Hi there, soccer! Welcome to YWS!

Spelling and grammar:

'Out of nowhere'. Nowhere is one word.

'When I finally got home I told my mom what had happened, her face looked like a tomato!' This sentence is not constructed correctly. Try something like this:
'When I finally got home and told my mom what had happened, her face looked like a tomato!'

Irish is spelt with a capital letter.

'"You're GROUNDED for lying!!!" She yelled in my ear.'
This is incorrect direct speech. The 'she' must be de-capitalised. Then you might also want to start the next direct speech on a new line.

Your next paragraph needs some commas to separate the different sections of the sentences, like this:
'While I was in my room, playing on my laptop, I heard a clucking sound from behind me.'

'their' should be 'there', in 'there was a robot chicken'.

The word 'robot chicken' should, very technically, be 'robotic chicken'. But you can decide for yourself which one you want to use.

The use of the slash (/) is not recommended. Rather write it out fully.

Overall you used too many exclamation marks. Some writers compare exclamation marks to laughing at you own joke, and, though that is rather extreme, it is not wise to put them at the end of every funny sentence. A quiet full stop often has a more ironic effect. And only one is necessary when people are shouting, even if it is loud.

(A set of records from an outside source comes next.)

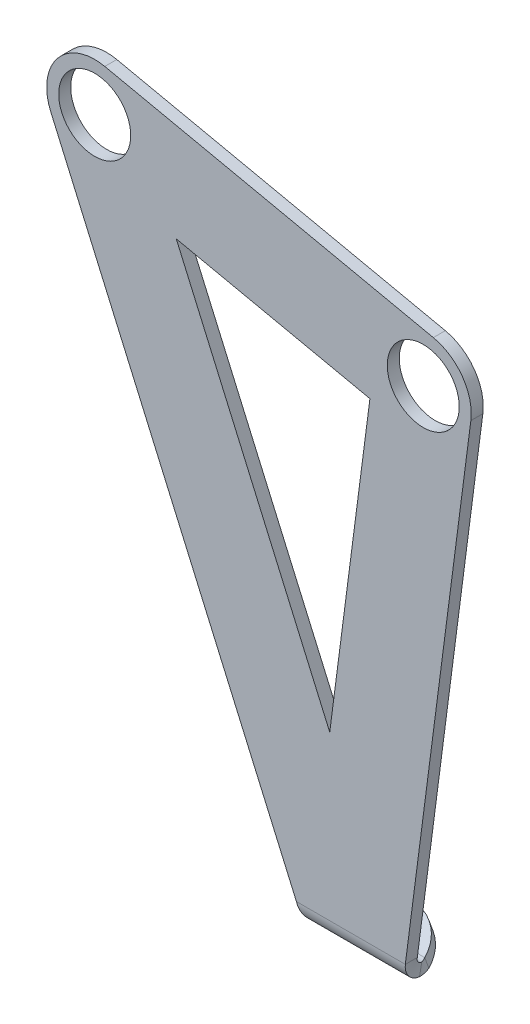
ISO-10303-21;
HEADER;
FILE_DESCRIPTION(('STEP AP214'),'2;1');
FILE_NAME('part.step','',(''),(''),'','','');
FILE_SCHEMA(('AUTOMOTIVE_DESIGN { 1 0 10303 214 1 1 1 1 }'));
ENDSEC;
DATA;
#1=APPLICATION_CONTEXT('core data for automotive mechanical design processes');
#2=APPLICATION_PROTOCOL_DEFINITION('international standard','automotive_design',2000,#1);
#3=PRODUCT_CONTEXT('',#1,'mechanical');
#4=PRODUCT('Part','Part','',(#3));
#5=PRODUCT_RELATED_PRODUCT_CATEGORY('part','',(#4));
#6=PRODUCT_DEFINITION_FORMATION('','',#4);
#7=PRODUCT_DEFINITION_CONTEXT('part definition',#1,'design');
#8=PRODUCT_DEFINITION('design','',#6,#7);
#9=PRODUCT_DEFINITION_SHAPE('','',#8);
#10=(LENGTH_UNIT() NAMED_UNIT(*) SI_UNIT(.MILLI.,.METRE.));
#11=(NAMED_UNIT(*) PLANE_ANGLE_UNIT() SI_UNIT($,.RADIAN.));
#12=(NAMED_UNIT(*) SI_UNIT($,.STERADIAN.) SOLID_ANGLE_UNIT());
#13=UNCERTAINTY_MEASURE_WITH_UNIT(LENGTH_MEASURE(1.E-05),#10,'distance_accuracy_value','');
#14=(GEOMETRIC_REPRESENTATION_CONTEXT(3) GLOBAL_UNCERTAINTY_ASSIGNED_CONTEXT((#13)) GLOBAL_UNIT_ASSIGNED_CONTEXT((#10,
#11,#12)) REPRESENTATION_CONTEXT('',''));
#15=CARTESIAN_POINT('',(0.,0.,0.));
#16=DIRECTION('',(0.,0.,1.));
#17=DIRECTION('',(1.,0.,0.));
#18=AXIS2_PLACEMENT_3D('',#15,#16,#17);
#19=CARTESIAN_POINT('',(-43.1578263867237,-76.3175069818538,1.));
#20=DIRECTION('',(-0.991640383095141,0.12903236266504,0.));
#21=DIRECTION('',(-0.12903236266504,-0.991640383095141,0.));
#22=AXIS2_PLACEMENT_3D('',#19,#20,#21);
#23=PLANE('',#22);
#24=DIRECTION('',(0.12903236266504,0.991640383095141,0.));
#25=VECTOR('',#24,1.);
#26=CARTESIAN_POINT('',(-43.1578263867237,-76.3175069818538,1.));
#27=LINE('',#26,#25);
#28=CARTESIAN_POINT('',(-42.936208375306,-74.6143267470348,1.));
#29=VERTEX_POINT('',#28);
#30=CARTESIAN_POINT('',(-37.475147726472,-32.644946646838,1.));
#31=VERTEX_POINT('',#30);
#32=EDGE_CURVE('E358',#29,#31,#27,.T.);
#33=ORIENTED_EDGE('',*,*,#32,.F.);
#34=CARTESIAN_POINT('',(-42.936208375306,-74.6143267470348,0.));
#35=CARTESIAN_POINT('',(-42.936208375306,-74.6143267470348,1.));
#36=B_SPLINE_CURVE_WITH_KNOTS('',1,(#34,#35),.UNSPECIFIED.,.F.,.F.,(2,2),(0.,1.),.UNSPECIFIED.);
#37=CARTESIAN_POINT('',(-42.936208375306,-74.6143267470348,0.));
#38=VERTEX_POINT('',#37);
#39=EDGE_CURVE('E12',#29,#38,#36,.F.);
#40=ORIENTED_EDGE('',*,*,#39,.T.);
#41=DIRECTION('',(0.12903236266504,0.991640383095141,0.));
#42=VECTOR('',#41,1.);
#43=CARTESIAN_POINT('',(-43.1578263867237,-76.3175069818538,0.));
#44=LINE('',#43,#42);
#45=CARTESIAN_POINT('',(-37.475147726472,-32.644946646838,0.));
#46=VERTEX_POINT('',#45);
#47=EDGE_CURVE('E366',#38,#46,#44,.T.);
#48=ORIENTED_EDGE('',*,*,#47,.T.);
#49=DIRECTION('',(0.,0.,-1.));
#50=VECTOR('',#49,1.);
#51=CARTESIAN_POINT('',(-37.475147726472,-32.644946646838,1.));
#52=LINE('',#51,#50);
#53=EDGE_CURVE('E373',#31,#46,#52,.T.);
#54=ORIENTED_EDGE('',*,*,#53,.F.);
#55=EDGE_LOOP('',(#33,#40,#48,#54));
#56=FACE_BOUND('',#55,.T.);
#57=ADVANCED_FACE('F63',(#56),#23,.F.);
#58=CARTESIAN_POINT('',(-72.4815716564714,-27.852768294985,1.));
#59=DIRECTION('',(0.916064952298627,0.401029928022978,0.));
#60=DIRECTION('',(-0.401029928022978,0.916064952298627,0.));
#61=AXIS2_PLACEMENT_3D('',#58,#59,#60);
#62=PLANE('',#61);
#63=DIRECTION('',(0.401029928022978,-0.916064952298627,0.));
#64=VECTOR('',#63,1.);
#65=CARTESIAN_POINT('',(-72.4815716564714,-27.852768294985,0.));
#66=LINE('',#65,#64);
#67=CARTESIAN_POINT('',(-72.4815716564714,-27.852768294985,0.));
#68=VERTEX_POINT('',#67);
#69=CARTESIAN_POINT('',(-52.0105511538175,-74.6143267470348,0.));
#70=VERTEX_POINT('',#69);
#71=EDGE_CURVE('E363',#68,#70,#66,.T.);
#72=ORIENTED_EDGE('',*,*,#71,.T.);
#73=CARTESIAN_POINT('',(-52.0105511538175,-74.6143267470348,1.));
#74=CARTESIAN_POINT('',(-52.0105511538175,-74.6143267470348,0.));
#75=B_SPLINE_CURVE_WITH_KNOTS('',1,(#73,#74),.UNSPECIFIED.,.F.,.F.,(2,2),(0.,1.),.UNSPECIFIED.);
#76=CARTESIAN_POINT('',(-52.0105511538175,-74.6143267470348,1.));
#77=VERTEX_POINT('',#76);
#78=EDGE_CURVE('E305',#70,#77,#75,.F.);
#79=ORIENTED_EDGE('',*,*,#78,.T.);
#80=DIRECTION('',(0.401029928022978,-0.916064952298627,0.));
#81=VECTOR('',#80,1.);
#82=CARTESIAN_POINT('',(-72.4815716564714,-27.852768294985,1.));
#83=LINE('',#82,#81);
#84=CARTESIAN_POINT('',(-72.4815716564714,-27.852768294985,1.));
#85=VERTEX_POINT('',#84);
#86=EDGE_CURVE('E353',#85,#77,#83,.T.);
#87=ORIENTED_EDGE('',*,*,#86,.F.);
#88=DIRECTION('',(0.,0.,-1.));
#89=VECTOR('',#88,1.);
#90=CARTESIAN_POINT('',(-72.4815716564714,-27.852768294985,1.));
#91=LINE('',#90,#89);
#92=EDGE_CURVE('E376',#85,#68,#91,.T.);
#93=ORIENTED_EDGE('',*,*,#92,.T.);
#94=EDGE_LOOP('',(#72,#79,#87,#93));
#95=FACE_BOUND('',#94,.T.);
#96=ADVANCED_FACE('F404',(#95),#62,.F.);
#97=CARTESIAN_POINT('',(-68.8173118472769,-26.2486485828931,0.));
#98=DIRECTION('',(0.,0.,1.));
#99=DIRECTION('',(1.,0.,0.));
#100=AXIS2_PLACEMENT_3D('',#97,#98,#99);
#101=PLANE('',#100);
#102=CARTESIAN_POINT('',(-41.4417092588526,-32.1288171961778,0.));
#103=DIRECTION('',(0.,0.,1.));
#104=DIRECTION('',(1.,0.,0.));
#105=AXIS2_PLACEMENT_3D('',#102,#103,#104);
#106=CIRCLE('',#105,3.);
#107=CARTESIAN_POINT('',(-38.4417092588526,-32.1288171961778,0.));
#108=VERTEX_POINT('',#107);
#109=EDGE_CURVE('E337',#108,#108,#106,.T.);
#110=ORIENTED_EDGE('',*,*,#109,.T.);
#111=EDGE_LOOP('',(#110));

You also need more commas spacing out the sections of the sentences.

Content:

This is going much too fast! As Vyper said, you need to add more detail and description and slow the pace a bit. At this stage, we don't even know if the narrator is a male or a female.

Overall:

You have an absolutely hilarious idea here, but you need to expand it to make it successful. I enjoyed reading something so light and absurd!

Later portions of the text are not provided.